* **Your goal**
Find the line with "#67=EDGE_CURVE('E239',#66,#66,#64,.T.);" in the entries below, then reproduce it and every line after it down to and including the line with "#76=VERTEX_POINT('',#75);", exactly.

* **Given data**

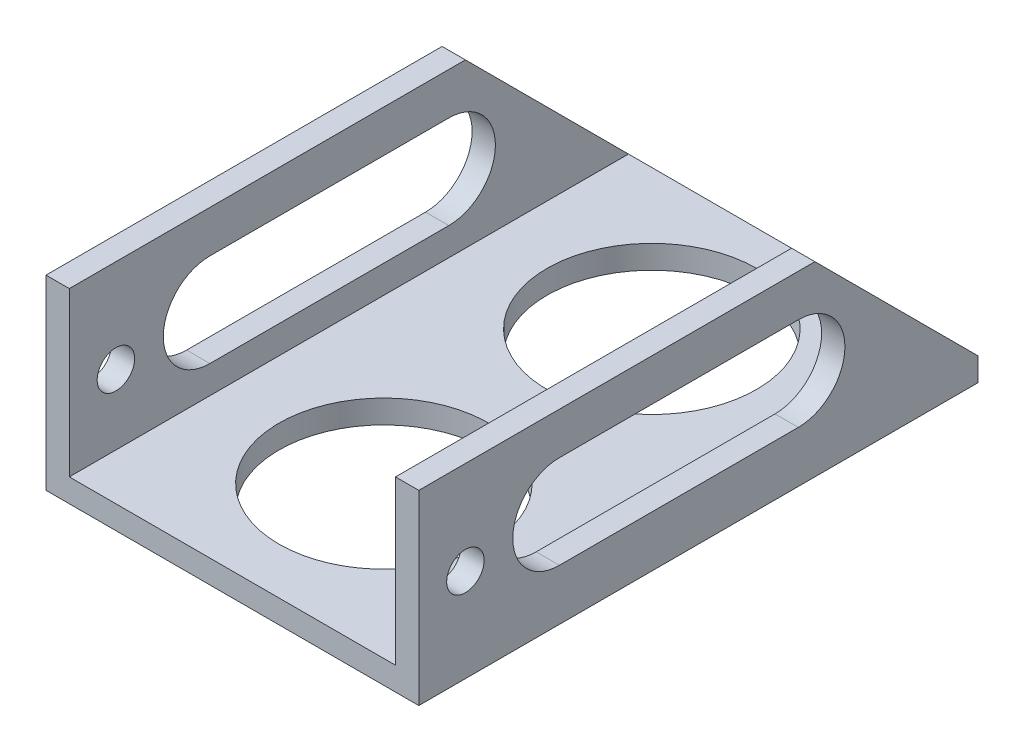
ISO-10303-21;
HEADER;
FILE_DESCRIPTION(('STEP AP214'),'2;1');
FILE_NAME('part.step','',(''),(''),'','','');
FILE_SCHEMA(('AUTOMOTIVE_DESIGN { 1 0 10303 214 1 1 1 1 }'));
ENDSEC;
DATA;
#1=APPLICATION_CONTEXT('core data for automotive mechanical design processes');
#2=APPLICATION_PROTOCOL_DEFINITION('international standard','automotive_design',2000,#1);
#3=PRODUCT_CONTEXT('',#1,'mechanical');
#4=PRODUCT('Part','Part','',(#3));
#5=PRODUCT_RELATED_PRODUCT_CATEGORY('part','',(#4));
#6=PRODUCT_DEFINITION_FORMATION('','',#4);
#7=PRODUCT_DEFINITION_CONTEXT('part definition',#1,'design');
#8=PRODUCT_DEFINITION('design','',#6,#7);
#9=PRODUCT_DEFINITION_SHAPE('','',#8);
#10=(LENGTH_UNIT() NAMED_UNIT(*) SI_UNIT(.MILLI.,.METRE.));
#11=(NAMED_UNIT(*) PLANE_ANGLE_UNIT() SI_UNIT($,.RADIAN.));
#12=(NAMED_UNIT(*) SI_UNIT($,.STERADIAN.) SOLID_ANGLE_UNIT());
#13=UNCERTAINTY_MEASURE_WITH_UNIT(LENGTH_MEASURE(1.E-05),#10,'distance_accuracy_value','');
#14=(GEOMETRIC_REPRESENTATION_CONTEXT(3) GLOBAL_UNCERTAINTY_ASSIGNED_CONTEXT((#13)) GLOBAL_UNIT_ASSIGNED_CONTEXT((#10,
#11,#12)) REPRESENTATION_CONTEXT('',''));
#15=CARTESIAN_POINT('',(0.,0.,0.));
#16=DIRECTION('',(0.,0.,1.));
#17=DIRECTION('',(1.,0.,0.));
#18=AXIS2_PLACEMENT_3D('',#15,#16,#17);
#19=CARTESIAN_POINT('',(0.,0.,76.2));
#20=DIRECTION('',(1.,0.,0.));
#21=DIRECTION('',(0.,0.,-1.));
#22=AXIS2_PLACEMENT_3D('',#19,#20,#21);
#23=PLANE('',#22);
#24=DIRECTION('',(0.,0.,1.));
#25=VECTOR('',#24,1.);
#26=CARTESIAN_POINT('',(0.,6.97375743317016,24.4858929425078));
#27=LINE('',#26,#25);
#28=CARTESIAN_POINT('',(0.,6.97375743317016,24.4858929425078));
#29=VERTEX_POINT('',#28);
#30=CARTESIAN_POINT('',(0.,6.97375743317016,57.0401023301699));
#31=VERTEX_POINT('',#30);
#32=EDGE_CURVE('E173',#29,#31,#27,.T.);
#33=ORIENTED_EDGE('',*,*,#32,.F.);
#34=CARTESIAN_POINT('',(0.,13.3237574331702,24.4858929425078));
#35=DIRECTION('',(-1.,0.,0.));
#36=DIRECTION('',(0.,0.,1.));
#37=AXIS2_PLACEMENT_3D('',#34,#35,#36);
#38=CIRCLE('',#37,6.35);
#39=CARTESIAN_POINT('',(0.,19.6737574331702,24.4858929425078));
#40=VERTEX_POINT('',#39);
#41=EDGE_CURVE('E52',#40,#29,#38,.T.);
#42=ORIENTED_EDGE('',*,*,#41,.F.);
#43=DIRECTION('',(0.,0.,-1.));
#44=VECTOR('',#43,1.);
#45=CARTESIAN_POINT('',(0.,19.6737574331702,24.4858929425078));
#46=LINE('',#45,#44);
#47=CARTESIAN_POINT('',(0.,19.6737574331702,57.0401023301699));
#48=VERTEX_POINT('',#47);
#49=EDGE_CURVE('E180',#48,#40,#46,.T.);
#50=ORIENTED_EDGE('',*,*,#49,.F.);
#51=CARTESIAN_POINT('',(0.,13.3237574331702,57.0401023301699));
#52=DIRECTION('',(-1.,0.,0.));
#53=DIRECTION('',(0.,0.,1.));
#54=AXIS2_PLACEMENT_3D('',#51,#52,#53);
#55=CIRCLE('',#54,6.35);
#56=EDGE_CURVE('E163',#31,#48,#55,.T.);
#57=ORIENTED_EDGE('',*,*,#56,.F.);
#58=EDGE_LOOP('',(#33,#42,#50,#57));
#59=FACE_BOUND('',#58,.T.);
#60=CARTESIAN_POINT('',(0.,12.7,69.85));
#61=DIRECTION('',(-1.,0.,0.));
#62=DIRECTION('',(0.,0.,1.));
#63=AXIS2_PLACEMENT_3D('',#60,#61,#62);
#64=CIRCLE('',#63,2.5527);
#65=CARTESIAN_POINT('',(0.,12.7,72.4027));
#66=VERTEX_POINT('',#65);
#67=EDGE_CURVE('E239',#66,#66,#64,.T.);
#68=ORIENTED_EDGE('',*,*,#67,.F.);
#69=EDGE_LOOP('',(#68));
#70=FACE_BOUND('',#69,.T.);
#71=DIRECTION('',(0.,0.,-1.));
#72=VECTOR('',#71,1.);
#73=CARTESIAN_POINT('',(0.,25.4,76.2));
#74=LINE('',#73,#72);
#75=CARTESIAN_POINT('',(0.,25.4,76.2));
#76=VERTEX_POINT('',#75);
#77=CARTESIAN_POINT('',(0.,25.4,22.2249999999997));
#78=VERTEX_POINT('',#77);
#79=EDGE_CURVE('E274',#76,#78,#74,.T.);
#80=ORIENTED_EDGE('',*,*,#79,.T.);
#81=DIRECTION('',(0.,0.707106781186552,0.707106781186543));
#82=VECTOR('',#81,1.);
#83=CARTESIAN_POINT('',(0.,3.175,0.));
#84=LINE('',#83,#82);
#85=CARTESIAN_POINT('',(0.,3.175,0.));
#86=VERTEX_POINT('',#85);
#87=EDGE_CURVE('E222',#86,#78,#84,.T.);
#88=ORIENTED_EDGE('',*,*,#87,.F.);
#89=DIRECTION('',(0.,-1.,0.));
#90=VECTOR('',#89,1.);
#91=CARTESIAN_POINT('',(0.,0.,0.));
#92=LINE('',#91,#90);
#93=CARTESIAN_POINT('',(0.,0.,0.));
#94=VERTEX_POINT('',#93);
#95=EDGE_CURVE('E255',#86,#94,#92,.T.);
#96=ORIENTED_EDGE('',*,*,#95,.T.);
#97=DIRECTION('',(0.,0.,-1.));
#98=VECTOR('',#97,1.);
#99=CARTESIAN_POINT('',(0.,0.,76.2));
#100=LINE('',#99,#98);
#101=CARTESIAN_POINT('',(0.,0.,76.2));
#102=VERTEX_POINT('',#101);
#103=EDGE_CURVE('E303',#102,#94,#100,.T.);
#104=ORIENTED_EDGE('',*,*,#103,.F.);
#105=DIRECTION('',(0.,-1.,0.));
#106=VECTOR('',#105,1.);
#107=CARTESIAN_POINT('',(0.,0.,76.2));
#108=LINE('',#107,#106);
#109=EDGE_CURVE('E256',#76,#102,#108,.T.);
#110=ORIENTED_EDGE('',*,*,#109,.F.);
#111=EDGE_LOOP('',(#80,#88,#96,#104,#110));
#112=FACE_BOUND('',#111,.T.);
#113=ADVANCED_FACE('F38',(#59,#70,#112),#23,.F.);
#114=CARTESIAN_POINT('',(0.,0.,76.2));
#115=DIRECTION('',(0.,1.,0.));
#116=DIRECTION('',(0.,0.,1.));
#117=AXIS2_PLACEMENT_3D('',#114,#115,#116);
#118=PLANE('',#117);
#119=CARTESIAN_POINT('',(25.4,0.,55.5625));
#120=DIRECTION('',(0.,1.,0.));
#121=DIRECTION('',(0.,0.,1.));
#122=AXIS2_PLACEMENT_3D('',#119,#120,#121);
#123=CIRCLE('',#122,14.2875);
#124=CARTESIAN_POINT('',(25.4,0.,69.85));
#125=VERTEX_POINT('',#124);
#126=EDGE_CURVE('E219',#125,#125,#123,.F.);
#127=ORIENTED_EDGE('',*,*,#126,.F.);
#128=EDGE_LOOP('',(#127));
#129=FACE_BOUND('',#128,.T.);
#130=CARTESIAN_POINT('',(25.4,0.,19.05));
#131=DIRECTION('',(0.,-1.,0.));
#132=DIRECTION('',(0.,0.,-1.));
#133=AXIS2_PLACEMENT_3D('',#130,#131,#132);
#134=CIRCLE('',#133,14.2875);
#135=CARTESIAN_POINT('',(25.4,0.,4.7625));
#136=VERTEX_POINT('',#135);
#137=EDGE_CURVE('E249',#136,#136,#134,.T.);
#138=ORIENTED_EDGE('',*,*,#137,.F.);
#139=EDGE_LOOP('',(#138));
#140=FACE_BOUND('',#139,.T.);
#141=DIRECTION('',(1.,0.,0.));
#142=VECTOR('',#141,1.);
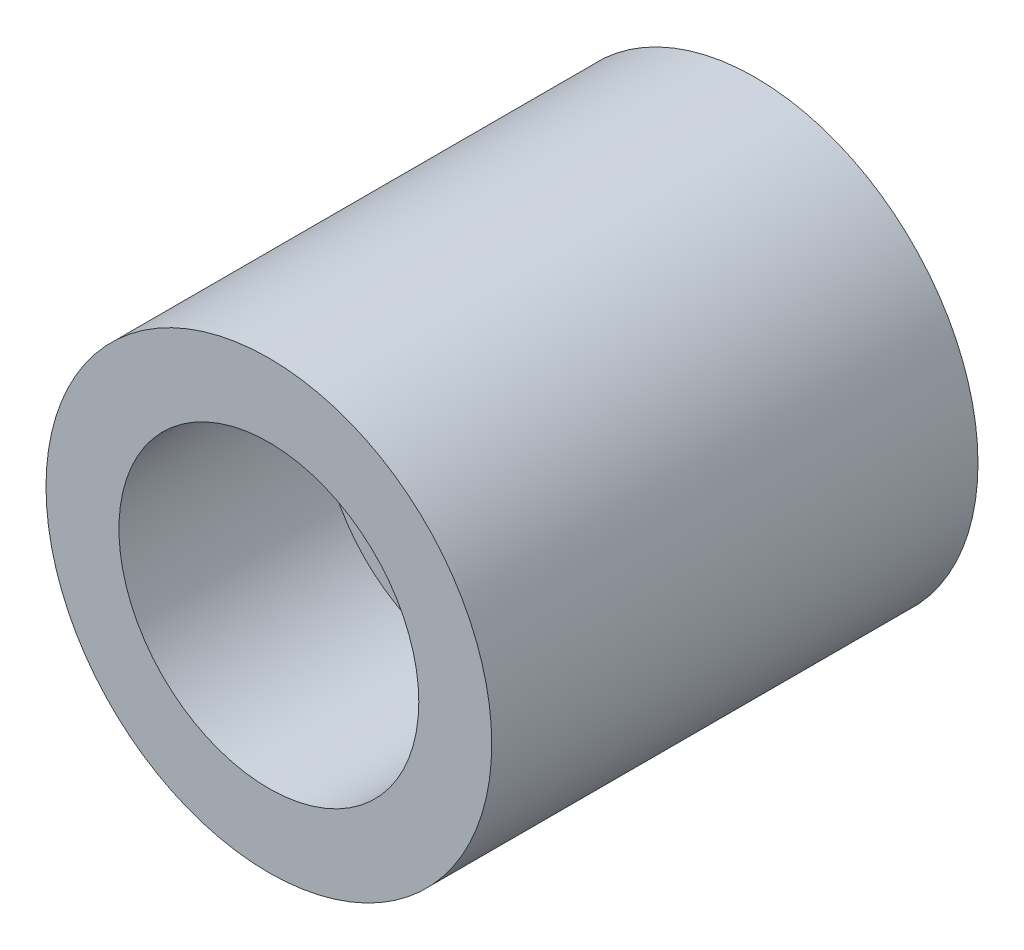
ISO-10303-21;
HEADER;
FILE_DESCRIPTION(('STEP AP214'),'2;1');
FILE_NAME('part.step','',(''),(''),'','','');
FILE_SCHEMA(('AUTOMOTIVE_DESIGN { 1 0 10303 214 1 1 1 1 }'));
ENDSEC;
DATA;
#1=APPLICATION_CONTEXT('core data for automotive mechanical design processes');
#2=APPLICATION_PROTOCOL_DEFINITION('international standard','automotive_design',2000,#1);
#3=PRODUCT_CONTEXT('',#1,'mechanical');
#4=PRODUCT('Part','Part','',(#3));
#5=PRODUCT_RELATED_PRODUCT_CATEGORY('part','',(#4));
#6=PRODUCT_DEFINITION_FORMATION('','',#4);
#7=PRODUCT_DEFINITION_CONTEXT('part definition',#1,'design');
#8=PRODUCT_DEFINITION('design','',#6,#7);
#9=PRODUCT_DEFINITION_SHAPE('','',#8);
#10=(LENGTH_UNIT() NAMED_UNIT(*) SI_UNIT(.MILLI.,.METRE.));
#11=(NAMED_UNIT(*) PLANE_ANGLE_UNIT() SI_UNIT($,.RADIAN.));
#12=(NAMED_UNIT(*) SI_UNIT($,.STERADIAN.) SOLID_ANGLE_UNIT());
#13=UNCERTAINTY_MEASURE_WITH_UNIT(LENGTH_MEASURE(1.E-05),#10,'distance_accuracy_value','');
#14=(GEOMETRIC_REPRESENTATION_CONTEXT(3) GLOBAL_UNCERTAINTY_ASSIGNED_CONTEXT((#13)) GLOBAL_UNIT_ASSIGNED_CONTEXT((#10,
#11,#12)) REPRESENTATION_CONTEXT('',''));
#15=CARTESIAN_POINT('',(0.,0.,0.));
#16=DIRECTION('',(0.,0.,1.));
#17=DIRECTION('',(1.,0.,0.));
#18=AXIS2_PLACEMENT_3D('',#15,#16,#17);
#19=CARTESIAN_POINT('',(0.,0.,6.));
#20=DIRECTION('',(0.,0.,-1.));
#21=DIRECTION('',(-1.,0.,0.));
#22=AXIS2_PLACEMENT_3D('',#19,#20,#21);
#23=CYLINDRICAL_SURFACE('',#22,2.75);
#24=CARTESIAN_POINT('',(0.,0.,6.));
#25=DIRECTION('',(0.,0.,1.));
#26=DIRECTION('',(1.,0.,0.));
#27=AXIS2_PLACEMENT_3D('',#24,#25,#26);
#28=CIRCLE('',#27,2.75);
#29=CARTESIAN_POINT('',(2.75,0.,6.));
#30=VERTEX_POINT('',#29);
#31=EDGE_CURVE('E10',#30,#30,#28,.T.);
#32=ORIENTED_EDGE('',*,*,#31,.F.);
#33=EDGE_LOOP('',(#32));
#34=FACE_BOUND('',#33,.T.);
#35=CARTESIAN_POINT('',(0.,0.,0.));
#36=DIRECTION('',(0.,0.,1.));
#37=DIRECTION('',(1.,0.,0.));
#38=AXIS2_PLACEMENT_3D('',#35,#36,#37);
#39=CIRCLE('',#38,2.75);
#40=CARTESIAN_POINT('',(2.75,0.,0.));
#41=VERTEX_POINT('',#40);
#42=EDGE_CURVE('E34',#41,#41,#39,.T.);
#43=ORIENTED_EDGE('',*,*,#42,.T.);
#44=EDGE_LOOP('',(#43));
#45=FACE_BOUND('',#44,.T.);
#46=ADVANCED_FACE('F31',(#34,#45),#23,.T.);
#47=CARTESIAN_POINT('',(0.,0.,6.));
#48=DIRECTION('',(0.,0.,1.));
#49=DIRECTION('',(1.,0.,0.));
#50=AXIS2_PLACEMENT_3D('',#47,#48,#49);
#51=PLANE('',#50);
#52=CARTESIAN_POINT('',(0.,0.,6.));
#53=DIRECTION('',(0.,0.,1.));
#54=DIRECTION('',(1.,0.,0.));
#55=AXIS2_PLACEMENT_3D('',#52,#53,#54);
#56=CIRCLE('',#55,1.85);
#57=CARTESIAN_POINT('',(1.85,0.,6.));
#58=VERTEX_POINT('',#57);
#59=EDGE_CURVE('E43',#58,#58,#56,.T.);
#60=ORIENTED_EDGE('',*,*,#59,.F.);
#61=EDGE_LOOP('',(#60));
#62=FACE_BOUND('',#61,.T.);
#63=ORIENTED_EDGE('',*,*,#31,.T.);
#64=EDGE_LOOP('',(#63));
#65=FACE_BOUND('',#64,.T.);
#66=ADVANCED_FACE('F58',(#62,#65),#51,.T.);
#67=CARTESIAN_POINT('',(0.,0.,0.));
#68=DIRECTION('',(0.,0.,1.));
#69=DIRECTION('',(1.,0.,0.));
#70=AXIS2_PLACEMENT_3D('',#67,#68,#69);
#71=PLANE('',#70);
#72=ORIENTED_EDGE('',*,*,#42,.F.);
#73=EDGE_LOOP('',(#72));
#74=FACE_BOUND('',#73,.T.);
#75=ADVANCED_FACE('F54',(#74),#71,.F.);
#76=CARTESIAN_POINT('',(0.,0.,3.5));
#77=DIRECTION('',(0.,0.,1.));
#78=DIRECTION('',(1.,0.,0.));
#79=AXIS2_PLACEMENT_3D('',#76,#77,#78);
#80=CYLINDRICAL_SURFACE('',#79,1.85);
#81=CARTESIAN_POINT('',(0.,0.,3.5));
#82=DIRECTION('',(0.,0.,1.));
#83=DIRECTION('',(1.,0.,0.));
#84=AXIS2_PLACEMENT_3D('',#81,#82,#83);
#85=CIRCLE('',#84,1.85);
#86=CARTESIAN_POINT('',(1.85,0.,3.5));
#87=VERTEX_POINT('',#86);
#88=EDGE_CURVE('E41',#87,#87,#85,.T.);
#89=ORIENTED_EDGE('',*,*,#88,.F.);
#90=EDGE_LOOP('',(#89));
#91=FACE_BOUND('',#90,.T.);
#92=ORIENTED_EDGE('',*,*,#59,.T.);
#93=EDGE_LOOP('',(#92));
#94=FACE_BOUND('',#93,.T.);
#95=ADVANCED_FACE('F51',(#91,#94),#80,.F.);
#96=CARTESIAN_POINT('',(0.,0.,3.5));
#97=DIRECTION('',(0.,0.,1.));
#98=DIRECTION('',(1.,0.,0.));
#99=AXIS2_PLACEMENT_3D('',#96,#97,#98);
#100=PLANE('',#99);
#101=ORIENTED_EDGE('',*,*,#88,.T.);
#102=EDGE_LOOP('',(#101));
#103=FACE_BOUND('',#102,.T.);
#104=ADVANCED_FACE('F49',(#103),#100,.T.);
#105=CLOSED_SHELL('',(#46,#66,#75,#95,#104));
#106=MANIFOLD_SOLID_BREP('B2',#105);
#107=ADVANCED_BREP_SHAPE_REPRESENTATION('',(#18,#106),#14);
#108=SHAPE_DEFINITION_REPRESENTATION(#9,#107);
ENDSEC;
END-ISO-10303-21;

* **Result of the task**
#67=EDGE_CURVE('E239',#66,#66,#64,.T.);
#68=ORIENTED_EDGE('',*,*,#67,.F.);
#69=EDGE_LOOP('',(#68));
#70=FACE_BOUND('',#69,.T.);
#71=DIRECTION('',(0.,0.,-1.));
#72=VECTOR('',#71,1.);
#73=CARTESIAN_POINT('',(0.,25.4,76.2));
#74=LINE('',#73,#72);
#75=CARTESIAN_POINT('',(0.,25.4,76.2));
#76=VERTEX_POINT('',#75);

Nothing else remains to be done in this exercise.